Shape algorithm with optimization

Question

I have a shape defined by straight line segments.

I want to simplify the shape to be constructed with straight lines but only with a finite set of slopes.

I want to minimize the amount of segments used and minimize the difference in area from the shape before and after.

I want to minimize these two things simultaneously with a user defined weight emphasizing minimizing one more than another.

minimize { J = w1(number of segments/length) + w2(difference area/length) }

Where w1 and w2 are both weights and length is the length of the new segment. I want an algorithm that does this. Any ideas?

Below I show a few pictures of how I might want it to work. Is there anything out in the literature that might help in writing an algorithm. Thanks!

Answer 1

This seems like a very tough problem! I would approach it by first defining two routines:

1. diffArea(fig, target) computes the difference area between fig and target
2. decomp(fig, p1, p2, s1, s2) computes the two figures that can be built by replacing all the segments between p1 and p2 with a pair of segments of shapes s1 and s2. For instance, if there were four segments between points p1 and p2 in fig, then decomp(fig, p1, p2, s1, s2) returns the two figures that are generated by replacing those four segments with appropriately scaled versions of s1 and s2. There's only one way to scale s1 and s2 to fill the space between p1 and p2 (because we're in 2-d space), and the two figures come from either ordering them s1 -> s2 or s2 -> s1.

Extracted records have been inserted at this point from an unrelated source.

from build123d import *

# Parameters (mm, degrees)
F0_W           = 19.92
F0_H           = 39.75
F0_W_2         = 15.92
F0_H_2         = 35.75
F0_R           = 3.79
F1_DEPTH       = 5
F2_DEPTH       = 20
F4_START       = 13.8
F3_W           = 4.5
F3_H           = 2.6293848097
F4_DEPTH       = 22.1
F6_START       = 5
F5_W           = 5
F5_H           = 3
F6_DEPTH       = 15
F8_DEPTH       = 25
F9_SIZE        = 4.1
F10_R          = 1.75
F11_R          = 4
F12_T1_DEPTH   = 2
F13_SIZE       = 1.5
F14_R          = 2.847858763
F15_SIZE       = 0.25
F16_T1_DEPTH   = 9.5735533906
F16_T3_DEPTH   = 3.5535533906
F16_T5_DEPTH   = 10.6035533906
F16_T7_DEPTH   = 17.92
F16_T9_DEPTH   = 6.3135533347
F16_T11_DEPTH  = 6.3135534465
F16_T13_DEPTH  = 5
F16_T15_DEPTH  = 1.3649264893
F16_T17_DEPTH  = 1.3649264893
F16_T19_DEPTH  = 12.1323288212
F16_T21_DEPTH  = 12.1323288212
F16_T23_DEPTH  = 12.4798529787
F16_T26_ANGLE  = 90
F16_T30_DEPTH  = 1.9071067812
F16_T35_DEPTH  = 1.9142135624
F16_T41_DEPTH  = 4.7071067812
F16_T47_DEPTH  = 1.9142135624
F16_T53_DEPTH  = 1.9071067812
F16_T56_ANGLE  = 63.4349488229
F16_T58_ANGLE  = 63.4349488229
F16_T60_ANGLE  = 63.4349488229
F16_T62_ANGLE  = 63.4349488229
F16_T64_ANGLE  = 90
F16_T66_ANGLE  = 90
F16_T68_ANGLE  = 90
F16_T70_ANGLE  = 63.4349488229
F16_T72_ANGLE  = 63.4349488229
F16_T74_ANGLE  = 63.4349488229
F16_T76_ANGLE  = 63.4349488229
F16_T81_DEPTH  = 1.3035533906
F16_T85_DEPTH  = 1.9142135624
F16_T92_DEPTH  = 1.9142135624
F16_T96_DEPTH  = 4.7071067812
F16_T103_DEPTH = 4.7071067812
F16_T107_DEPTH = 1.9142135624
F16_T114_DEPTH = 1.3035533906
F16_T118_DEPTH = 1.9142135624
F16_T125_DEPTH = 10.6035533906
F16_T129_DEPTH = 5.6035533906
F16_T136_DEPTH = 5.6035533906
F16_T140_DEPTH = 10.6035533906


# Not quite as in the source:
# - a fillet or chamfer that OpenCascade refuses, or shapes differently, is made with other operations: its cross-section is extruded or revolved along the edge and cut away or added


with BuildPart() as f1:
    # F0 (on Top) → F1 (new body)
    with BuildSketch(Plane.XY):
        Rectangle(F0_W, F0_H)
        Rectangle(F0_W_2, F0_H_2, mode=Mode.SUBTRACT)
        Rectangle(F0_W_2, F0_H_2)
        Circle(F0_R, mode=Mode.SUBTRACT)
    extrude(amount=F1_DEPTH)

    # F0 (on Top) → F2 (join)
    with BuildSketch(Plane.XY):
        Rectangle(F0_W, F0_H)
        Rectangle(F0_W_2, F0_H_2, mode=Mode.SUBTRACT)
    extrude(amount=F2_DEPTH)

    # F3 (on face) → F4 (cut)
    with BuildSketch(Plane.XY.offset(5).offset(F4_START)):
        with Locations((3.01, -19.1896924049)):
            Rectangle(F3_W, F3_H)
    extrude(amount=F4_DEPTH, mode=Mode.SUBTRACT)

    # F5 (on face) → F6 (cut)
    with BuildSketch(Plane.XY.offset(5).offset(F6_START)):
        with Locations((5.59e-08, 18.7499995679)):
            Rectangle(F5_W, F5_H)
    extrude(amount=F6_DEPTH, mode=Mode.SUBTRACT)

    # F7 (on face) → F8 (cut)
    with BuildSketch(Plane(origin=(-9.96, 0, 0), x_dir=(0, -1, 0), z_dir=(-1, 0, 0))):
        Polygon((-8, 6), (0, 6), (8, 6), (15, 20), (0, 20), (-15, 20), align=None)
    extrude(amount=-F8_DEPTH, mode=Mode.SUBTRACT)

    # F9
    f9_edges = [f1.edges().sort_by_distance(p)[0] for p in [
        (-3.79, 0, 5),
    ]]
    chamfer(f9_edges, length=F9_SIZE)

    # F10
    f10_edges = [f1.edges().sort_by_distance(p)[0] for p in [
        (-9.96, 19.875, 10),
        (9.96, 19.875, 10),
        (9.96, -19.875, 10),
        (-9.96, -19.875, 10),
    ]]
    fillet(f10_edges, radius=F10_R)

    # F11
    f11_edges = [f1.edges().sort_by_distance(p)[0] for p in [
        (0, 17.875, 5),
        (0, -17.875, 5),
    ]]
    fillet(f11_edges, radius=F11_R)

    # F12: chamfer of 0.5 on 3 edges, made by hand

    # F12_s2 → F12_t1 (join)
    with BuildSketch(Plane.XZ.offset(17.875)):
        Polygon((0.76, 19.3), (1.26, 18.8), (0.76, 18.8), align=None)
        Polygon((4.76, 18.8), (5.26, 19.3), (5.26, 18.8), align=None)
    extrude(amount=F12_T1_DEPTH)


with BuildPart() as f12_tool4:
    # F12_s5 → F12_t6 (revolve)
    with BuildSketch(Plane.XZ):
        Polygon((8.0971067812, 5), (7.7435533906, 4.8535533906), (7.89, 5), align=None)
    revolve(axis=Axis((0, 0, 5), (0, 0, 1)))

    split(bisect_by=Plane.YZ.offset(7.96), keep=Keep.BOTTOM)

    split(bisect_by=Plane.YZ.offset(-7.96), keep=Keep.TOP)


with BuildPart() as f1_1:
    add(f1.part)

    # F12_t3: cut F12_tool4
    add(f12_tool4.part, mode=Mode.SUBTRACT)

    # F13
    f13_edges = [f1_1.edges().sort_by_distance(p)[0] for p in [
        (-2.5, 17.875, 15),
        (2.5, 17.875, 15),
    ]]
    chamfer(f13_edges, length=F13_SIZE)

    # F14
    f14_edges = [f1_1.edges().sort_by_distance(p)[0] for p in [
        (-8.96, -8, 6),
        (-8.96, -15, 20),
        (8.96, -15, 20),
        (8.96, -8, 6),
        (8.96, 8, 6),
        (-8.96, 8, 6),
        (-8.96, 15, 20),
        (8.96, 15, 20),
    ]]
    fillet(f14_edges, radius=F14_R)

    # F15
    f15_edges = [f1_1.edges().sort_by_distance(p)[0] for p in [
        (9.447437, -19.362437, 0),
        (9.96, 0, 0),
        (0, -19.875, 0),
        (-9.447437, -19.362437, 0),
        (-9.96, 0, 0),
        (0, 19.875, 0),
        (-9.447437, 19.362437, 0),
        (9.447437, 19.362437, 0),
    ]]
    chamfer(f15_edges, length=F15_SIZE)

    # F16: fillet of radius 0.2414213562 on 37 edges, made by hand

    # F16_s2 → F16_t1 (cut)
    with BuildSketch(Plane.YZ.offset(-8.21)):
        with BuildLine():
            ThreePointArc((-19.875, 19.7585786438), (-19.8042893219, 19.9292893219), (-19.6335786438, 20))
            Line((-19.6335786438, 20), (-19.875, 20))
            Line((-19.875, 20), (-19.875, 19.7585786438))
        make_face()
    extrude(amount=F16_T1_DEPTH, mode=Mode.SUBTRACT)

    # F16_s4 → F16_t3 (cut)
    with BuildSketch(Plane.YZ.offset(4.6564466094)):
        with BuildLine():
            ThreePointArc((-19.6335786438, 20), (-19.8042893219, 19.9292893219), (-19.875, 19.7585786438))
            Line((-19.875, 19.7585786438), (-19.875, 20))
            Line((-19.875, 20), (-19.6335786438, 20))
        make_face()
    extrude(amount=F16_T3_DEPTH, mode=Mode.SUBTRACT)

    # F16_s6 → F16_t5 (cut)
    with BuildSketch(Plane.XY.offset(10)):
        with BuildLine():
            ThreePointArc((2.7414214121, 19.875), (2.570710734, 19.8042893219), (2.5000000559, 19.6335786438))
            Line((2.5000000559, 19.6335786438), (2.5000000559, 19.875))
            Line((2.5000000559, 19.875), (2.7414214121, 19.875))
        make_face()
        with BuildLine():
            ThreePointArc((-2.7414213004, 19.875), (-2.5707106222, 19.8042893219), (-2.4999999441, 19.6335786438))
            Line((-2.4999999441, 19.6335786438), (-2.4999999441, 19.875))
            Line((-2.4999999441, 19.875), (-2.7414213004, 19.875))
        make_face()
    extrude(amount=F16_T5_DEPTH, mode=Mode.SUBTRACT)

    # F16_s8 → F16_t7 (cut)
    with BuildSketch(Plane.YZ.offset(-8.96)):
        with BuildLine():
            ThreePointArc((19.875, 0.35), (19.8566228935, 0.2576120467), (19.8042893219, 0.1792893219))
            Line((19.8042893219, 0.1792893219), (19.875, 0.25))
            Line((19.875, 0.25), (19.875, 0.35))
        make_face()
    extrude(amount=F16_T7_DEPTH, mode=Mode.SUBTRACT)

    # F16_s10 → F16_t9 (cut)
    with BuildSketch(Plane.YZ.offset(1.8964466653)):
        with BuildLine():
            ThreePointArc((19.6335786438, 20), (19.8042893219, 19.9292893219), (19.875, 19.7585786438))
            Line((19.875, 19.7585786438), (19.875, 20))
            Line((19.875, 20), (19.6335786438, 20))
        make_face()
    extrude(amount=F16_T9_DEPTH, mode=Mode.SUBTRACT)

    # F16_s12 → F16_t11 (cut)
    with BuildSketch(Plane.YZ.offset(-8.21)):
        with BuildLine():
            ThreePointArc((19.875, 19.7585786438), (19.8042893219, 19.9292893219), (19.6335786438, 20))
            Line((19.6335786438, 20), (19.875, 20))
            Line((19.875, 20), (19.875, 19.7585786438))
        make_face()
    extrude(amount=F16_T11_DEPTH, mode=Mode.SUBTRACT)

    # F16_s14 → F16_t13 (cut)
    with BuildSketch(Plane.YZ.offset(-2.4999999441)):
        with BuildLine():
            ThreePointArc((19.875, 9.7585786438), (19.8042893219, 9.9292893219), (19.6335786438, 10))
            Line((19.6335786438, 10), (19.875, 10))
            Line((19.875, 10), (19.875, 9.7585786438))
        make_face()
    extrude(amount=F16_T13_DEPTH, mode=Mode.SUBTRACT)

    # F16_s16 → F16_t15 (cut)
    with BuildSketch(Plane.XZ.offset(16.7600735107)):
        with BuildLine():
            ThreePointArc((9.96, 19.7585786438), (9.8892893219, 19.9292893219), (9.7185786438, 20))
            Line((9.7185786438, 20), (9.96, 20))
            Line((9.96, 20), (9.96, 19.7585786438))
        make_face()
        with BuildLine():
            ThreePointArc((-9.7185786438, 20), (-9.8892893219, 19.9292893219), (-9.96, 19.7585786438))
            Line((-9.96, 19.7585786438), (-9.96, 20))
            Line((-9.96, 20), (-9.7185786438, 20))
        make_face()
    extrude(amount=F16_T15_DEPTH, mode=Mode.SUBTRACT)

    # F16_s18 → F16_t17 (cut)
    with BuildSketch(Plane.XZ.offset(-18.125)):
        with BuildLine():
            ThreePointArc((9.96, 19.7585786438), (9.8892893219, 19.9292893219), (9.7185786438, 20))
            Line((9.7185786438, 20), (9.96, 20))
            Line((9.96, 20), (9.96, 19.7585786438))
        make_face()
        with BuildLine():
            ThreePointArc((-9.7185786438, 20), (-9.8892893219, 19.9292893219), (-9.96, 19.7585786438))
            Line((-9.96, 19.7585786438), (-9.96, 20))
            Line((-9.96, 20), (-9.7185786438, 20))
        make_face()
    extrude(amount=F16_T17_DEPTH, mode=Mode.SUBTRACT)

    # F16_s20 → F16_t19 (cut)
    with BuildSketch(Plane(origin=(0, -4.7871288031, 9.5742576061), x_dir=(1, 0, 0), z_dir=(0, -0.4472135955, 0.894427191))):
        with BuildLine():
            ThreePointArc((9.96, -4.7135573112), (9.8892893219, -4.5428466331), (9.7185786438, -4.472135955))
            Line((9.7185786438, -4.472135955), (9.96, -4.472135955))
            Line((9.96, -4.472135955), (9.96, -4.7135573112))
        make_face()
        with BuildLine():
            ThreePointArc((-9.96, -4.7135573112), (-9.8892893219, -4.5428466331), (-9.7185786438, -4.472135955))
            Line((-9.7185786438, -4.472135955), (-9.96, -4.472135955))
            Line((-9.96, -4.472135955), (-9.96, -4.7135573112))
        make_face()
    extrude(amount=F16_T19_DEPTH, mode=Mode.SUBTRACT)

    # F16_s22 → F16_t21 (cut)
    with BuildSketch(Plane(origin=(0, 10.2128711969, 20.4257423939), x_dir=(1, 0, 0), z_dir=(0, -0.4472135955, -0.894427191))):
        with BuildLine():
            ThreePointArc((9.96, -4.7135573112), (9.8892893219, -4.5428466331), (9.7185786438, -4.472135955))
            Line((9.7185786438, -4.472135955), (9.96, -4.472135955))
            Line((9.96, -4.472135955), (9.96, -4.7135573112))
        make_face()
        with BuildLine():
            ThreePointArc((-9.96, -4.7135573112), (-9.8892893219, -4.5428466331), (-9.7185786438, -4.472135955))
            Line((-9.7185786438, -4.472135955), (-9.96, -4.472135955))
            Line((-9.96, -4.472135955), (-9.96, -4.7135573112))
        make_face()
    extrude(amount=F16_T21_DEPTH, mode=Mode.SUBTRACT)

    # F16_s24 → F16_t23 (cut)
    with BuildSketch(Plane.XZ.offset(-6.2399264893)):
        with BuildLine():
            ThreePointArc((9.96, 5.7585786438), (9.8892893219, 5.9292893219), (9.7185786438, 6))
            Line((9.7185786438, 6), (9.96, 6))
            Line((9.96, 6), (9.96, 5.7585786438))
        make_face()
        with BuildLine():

Given these two routines, I think an iterated local search procedure might work well. You would have the following steps:

1. Set fig to a large bounding shape around target
2. For every pair of vertices (p1, p2) in fig (starting with pairs with 1 segment between, then 2 segment between, ...) and for every pair (s1, s2) of shapes:
   • Compute fig1 and fig2 using decomp(fig, p1, p2, s1, s2)
   • Let e_fig be the number of edges in fig and e_new by the number of edges in fig1 and fig2
   • If w1 * e_new + w2 * diffArea(fig1, target) < w1 * e_fig + w2 * diffArea(fig, target), replace fig with fig1
   • If w1 * e_new + w2 * diffArea(fig2, target) < w1 * e_fig + w2 * diffArea(fig, target), replace fig with fig2

Repeat this procedure until you've tested every pair of vertices and have found no improving replacements. This is obviously not going to give you an optimal solution, but I'd bet it will perform pretty well.

Answer 2

Well, in this case Pareto efficiency seems to be a good weight of a solution. At first glance it seems that using a discrete optimization would be apropriate. Choice of a particular algorithm depends on complexity of the figures to be shaped. For large and complex figures I would suggest using genetic algorithm.